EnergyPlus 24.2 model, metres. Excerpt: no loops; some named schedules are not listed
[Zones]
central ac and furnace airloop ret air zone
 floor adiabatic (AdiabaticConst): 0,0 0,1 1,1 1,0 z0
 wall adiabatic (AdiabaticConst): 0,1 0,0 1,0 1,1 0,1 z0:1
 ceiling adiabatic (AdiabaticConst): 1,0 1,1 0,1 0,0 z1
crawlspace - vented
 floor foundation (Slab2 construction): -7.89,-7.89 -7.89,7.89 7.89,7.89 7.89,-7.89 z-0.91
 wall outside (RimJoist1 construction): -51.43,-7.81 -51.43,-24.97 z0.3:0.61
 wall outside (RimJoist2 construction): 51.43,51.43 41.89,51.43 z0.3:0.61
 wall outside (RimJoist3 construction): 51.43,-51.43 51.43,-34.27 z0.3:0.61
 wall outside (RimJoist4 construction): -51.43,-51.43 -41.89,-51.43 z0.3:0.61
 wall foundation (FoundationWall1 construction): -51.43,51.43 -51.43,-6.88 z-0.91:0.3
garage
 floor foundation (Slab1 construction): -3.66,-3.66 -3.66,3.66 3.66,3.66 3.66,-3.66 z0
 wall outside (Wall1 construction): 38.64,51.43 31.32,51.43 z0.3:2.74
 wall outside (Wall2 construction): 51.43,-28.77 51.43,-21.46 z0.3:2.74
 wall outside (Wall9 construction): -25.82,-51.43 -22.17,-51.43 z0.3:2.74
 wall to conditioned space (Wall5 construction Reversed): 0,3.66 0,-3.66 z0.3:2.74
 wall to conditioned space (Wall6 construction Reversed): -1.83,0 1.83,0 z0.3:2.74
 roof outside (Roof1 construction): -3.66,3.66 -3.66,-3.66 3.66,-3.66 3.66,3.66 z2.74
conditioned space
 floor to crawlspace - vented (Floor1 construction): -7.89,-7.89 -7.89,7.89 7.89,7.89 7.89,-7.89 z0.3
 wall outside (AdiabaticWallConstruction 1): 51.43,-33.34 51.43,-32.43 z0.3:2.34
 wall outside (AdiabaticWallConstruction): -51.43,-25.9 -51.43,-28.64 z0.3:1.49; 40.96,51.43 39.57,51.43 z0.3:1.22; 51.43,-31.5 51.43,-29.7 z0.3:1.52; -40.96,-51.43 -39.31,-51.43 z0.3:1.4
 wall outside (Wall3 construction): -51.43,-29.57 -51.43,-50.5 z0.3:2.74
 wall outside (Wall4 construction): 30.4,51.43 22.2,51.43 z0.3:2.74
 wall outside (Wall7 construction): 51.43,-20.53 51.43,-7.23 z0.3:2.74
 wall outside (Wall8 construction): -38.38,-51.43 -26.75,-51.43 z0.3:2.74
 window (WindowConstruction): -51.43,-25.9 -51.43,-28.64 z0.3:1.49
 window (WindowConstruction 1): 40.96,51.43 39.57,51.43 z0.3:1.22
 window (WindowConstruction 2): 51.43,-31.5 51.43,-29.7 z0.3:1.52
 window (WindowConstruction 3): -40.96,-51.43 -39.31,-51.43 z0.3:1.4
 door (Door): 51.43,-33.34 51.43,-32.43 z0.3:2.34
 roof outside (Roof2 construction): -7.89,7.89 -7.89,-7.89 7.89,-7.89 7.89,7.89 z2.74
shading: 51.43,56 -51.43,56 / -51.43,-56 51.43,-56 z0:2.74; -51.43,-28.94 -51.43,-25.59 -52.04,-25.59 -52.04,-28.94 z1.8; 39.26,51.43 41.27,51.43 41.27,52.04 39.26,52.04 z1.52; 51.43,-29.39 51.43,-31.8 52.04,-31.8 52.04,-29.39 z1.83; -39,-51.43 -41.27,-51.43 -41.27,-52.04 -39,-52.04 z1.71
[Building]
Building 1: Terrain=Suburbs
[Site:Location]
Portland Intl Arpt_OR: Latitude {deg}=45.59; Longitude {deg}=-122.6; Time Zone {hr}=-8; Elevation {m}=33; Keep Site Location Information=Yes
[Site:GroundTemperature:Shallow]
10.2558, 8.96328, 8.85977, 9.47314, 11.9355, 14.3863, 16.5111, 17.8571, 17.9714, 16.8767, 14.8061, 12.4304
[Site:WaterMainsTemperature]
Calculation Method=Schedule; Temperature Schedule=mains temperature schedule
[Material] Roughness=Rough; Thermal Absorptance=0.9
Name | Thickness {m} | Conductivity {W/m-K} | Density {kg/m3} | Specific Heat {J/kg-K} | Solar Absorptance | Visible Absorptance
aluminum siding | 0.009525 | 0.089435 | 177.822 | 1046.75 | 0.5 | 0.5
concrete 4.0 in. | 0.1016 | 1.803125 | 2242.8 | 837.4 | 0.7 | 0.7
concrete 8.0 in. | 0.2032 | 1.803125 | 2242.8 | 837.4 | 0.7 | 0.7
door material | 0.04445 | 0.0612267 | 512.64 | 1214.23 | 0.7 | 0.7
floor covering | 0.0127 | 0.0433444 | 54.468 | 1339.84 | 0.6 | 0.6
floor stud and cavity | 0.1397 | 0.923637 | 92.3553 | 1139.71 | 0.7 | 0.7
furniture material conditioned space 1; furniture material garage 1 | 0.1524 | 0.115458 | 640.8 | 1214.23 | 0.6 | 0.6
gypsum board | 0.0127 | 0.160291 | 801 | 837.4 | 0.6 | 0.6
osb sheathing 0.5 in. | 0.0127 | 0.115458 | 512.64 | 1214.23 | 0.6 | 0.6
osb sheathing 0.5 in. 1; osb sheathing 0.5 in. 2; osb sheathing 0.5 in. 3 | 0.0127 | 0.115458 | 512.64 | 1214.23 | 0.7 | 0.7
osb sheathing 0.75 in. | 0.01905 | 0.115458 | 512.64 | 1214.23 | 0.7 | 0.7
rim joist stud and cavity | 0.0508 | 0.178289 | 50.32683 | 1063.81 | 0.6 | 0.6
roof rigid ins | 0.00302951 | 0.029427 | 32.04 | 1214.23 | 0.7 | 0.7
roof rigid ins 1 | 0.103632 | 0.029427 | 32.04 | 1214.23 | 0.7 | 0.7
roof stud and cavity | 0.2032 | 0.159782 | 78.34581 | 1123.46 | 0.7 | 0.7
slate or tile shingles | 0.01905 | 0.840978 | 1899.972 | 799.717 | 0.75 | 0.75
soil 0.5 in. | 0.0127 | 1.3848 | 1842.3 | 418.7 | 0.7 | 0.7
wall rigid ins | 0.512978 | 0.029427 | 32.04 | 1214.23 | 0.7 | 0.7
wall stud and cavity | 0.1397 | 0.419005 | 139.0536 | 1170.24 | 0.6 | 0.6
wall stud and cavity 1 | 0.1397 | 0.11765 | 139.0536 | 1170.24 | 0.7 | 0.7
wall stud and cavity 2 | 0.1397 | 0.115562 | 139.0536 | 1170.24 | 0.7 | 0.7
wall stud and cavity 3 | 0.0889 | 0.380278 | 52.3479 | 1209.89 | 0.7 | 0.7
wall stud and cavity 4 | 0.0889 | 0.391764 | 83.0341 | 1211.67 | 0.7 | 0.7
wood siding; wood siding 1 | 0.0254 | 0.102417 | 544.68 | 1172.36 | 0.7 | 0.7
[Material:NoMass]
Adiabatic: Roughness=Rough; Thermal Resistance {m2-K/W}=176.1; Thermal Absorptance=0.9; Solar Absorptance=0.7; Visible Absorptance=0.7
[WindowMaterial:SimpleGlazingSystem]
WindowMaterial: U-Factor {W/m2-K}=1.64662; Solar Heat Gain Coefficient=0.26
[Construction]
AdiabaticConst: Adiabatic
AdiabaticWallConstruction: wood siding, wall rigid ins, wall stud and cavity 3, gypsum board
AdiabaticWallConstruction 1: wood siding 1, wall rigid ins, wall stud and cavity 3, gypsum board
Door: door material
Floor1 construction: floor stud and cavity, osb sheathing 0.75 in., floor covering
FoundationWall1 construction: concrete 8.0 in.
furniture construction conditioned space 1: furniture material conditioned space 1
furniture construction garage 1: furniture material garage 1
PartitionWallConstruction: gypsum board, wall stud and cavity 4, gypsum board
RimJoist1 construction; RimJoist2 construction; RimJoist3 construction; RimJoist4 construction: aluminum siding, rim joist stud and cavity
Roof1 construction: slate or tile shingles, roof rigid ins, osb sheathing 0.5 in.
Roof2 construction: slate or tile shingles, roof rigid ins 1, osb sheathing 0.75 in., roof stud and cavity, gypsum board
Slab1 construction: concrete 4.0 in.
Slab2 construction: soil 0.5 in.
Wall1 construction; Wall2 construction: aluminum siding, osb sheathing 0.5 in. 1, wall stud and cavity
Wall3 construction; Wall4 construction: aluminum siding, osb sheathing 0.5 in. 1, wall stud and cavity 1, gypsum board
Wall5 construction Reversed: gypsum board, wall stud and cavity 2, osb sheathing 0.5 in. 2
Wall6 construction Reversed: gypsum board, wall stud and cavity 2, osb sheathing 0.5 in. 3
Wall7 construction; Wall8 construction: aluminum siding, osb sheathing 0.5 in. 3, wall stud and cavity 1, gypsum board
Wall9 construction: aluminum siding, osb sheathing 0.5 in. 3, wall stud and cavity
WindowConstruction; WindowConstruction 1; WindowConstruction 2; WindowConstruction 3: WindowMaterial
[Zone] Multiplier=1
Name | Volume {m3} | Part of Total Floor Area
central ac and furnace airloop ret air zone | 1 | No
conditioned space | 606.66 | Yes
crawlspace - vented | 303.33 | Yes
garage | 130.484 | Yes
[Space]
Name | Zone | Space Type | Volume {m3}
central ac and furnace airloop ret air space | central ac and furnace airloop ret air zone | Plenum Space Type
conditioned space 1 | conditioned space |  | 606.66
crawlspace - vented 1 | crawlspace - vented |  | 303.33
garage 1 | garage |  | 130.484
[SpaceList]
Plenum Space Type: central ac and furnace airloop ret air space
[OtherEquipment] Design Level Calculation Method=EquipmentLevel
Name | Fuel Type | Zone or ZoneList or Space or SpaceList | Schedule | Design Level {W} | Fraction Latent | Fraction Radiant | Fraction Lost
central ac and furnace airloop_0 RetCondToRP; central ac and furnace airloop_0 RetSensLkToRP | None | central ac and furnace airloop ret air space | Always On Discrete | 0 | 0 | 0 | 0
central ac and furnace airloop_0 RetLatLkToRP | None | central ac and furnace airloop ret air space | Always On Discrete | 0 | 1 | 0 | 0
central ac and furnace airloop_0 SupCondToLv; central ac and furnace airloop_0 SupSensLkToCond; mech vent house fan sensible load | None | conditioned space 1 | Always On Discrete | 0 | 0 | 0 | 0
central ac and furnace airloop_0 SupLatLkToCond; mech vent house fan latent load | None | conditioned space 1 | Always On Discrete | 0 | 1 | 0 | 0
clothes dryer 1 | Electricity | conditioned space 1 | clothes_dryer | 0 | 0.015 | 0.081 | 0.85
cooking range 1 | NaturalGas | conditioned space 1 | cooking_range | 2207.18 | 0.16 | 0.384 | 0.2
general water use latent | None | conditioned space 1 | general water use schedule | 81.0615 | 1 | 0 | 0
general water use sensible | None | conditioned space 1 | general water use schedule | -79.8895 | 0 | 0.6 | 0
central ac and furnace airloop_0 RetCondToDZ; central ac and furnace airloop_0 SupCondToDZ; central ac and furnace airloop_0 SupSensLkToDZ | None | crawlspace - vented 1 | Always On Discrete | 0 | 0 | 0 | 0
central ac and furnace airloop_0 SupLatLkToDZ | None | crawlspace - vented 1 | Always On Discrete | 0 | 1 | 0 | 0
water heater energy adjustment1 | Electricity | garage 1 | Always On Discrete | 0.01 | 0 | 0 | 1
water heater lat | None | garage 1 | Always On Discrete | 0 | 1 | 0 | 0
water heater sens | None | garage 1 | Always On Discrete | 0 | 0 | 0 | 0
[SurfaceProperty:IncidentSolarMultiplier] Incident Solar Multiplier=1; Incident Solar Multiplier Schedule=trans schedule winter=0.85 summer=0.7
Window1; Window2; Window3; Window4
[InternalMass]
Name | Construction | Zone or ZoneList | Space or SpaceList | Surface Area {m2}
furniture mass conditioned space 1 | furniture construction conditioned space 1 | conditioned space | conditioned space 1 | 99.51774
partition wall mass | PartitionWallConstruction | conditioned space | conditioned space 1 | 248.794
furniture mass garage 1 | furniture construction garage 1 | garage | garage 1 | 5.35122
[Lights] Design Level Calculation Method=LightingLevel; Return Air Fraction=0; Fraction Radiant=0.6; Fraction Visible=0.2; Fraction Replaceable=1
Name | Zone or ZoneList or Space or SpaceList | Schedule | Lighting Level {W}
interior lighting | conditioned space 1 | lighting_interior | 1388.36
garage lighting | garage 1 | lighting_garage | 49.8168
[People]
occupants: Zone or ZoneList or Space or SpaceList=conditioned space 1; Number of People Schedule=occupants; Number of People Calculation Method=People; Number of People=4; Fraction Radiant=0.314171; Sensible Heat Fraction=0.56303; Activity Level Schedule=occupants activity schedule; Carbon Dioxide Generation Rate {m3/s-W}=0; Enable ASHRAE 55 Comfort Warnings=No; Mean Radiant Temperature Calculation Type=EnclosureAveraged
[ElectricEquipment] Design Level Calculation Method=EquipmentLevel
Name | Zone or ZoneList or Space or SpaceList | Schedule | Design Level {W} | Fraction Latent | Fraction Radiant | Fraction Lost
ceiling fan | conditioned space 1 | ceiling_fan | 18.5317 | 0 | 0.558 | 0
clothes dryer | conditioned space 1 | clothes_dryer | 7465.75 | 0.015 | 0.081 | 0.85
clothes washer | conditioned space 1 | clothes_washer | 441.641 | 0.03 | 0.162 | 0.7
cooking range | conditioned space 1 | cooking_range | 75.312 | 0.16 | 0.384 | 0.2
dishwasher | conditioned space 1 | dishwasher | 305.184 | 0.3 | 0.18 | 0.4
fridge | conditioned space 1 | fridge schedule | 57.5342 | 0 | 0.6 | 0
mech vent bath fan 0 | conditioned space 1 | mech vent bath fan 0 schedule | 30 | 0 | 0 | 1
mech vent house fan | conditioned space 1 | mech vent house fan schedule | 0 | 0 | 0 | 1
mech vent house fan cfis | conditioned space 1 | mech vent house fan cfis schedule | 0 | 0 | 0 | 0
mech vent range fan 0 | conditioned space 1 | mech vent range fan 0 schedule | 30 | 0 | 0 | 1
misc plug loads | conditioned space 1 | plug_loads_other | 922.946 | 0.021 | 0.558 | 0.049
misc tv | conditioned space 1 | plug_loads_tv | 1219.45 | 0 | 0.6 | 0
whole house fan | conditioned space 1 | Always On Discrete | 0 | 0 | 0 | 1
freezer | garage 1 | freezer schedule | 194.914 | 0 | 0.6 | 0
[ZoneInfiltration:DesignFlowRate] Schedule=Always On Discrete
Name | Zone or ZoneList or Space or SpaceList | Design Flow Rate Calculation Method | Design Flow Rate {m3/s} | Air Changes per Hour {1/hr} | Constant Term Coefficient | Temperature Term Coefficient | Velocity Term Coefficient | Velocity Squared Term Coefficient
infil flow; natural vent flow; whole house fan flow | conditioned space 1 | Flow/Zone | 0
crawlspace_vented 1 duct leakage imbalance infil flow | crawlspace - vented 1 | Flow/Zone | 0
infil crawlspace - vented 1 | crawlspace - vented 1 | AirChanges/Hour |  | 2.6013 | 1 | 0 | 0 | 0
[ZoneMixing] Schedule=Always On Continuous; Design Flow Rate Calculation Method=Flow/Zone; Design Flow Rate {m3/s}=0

——

(Task prompt): After reading through the material, report every line that holds "rigid".

(Answer box):
roof rigid ins | 0.00302951 | 0.029427 | 32.04 | 1214.23 | 0.7 | 0.7
roof rigid ins 1 | 0.103632 | 0.029427 | 32.04 | 1214.23 | 0.7 | 0.7
wall rigid ins | 0.512978 | 0.029427 | 32.04 | 1214.23 | 0.7 | 0.7
AdiabaticWallConstruction: wood siding, wall rigid ins, wall stud and cavity 3, gypsum board
AdiabaticWallConstruction 1: wood siding 1, wall rigid ins, wall stud and cavity 3, gypsum board
Roof1 construction: slate or tile shingles, roof rigid ins, osb sheathing 0.5 in.
Roof2 construction: slate or tile shingles, roof rigid ins 1, osb sheathing 0.75 in., roof stud and cavity, gypsum board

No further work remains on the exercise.